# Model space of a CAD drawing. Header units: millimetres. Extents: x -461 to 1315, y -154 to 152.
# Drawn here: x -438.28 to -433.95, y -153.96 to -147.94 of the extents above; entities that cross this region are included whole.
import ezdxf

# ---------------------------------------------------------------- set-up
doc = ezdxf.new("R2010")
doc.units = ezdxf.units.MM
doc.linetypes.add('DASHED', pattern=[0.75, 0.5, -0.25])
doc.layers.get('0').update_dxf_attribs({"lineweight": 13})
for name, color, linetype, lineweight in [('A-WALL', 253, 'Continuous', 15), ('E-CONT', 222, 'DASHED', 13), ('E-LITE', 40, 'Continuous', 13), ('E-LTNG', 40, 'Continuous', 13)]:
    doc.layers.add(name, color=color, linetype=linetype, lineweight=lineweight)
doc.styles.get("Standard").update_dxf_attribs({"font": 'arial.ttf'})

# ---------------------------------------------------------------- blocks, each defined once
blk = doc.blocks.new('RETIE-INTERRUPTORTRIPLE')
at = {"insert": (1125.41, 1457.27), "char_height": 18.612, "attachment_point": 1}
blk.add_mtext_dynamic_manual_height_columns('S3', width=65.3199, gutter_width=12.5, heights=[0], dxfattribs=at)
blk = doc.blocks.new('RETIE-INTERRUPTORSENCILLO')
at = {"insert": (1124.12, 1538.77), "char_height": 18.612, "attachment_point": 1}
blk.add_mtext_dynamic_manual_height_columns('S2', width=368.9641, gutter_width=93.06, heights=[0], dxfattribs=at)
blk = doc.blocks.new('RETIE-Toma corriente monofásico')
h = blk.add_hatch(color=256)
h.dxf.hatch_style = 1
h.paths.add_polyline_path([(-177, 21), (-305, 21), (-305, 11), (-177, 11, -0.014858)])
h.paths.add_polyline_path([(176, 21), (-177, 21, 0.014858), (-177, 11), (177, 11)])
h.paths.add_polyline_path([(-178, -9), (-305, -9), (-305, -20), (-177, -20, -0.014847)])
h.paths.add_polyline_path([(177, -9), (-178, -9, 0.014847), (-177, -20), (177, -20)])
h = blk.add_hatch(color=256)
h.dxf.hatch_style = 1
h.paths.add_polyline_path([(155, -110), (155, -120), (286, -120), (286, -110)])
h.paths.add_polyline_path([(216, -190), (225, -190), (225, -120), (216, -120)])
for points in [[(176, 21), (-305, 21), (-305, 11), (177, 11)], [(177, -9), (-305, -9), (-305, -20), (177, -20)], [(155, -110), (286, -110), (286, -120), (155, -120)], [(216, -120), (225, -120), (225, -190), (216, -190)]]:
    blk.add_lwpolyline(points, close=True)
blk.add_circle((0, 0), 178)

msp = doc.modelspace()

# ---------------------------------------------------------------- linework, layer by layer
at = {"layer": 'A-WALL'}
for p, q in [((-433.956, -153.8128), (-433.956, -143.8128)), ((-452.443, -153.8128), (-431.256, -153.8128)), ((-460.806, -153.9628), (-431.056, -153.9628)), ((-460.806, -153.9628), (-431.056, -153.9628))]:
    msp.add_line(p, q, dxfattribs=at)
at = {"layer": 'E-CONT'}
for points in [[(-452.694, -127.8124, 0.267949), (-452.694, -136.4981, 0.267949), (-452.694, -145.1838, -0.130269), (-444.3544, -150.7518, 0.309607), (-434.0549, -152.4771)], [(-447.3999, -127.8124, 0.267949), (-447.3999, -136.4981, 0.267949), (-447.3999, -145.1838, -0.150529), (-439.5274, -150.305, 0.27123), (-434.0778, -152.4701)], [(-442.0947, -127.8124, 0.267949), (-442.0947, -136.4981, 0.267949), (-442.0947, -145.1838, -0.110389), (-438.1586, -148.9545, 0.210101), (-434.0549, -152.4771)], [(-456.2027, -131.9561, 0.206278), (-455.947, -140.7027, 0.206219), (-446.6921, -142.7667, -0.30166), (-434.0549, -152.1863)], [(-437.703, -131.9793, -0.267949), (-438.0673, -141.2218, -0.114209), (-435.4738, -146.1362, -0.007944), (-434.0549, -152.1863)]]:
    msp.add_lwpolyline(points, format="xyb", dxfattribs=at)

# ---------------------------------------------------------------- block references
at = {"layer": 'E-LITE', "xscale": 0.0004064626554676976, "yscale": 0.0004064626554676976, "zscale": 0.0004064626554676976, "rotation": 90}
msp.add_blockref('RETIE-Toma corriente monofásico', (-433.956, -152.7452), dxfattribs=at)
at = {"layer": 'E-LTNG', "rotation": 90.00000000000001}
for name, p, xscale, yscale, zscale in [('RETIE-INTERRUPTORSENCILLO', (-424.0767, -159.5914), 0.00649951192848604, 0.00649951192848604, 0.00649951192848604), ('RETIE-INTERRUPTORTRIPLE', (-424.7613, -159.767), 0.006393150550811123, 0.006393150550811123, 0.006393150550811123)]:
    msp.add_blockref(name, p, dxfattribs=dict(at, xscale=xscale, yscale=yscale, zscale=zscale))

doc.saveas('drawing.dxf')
◇ ◇ ◇
> _AIM OF THE TASK_:
The lines to reproduce run from the one containing "(-433.956, -152.7452), dxfattribs=at)" to the last line of the listing; print them exactly, including both ends.

> _OUTPUT FOR THIS TASK_:
msp.add_blockref('RETIE-Toma corriente monofásico', (-433.956, -152.7452), dxfattribs=at)
at = {"layer": 'E-LTNG', "rotation": 90.00000000000001}
for name, p, xscale, yscale, zscale in [('RETIE-INTERRUPTORSENCILLO', (-424.0767, -159.5914), 0.00649951192848604, 0.00649951192848604, 0.00649951192848604), ('RETIE-INTERRUPTORTRIPLE', (-424.7613, -159.767), 0.006393150550811123, 0.006393150550811123, 0.006393150550811123)]:
    msp.add_blockref(name, p, dxfattribs=dict(at, xscale=xscale, yscale=yscale, zscale=zscale))

doc.saveas('drawing.dxf')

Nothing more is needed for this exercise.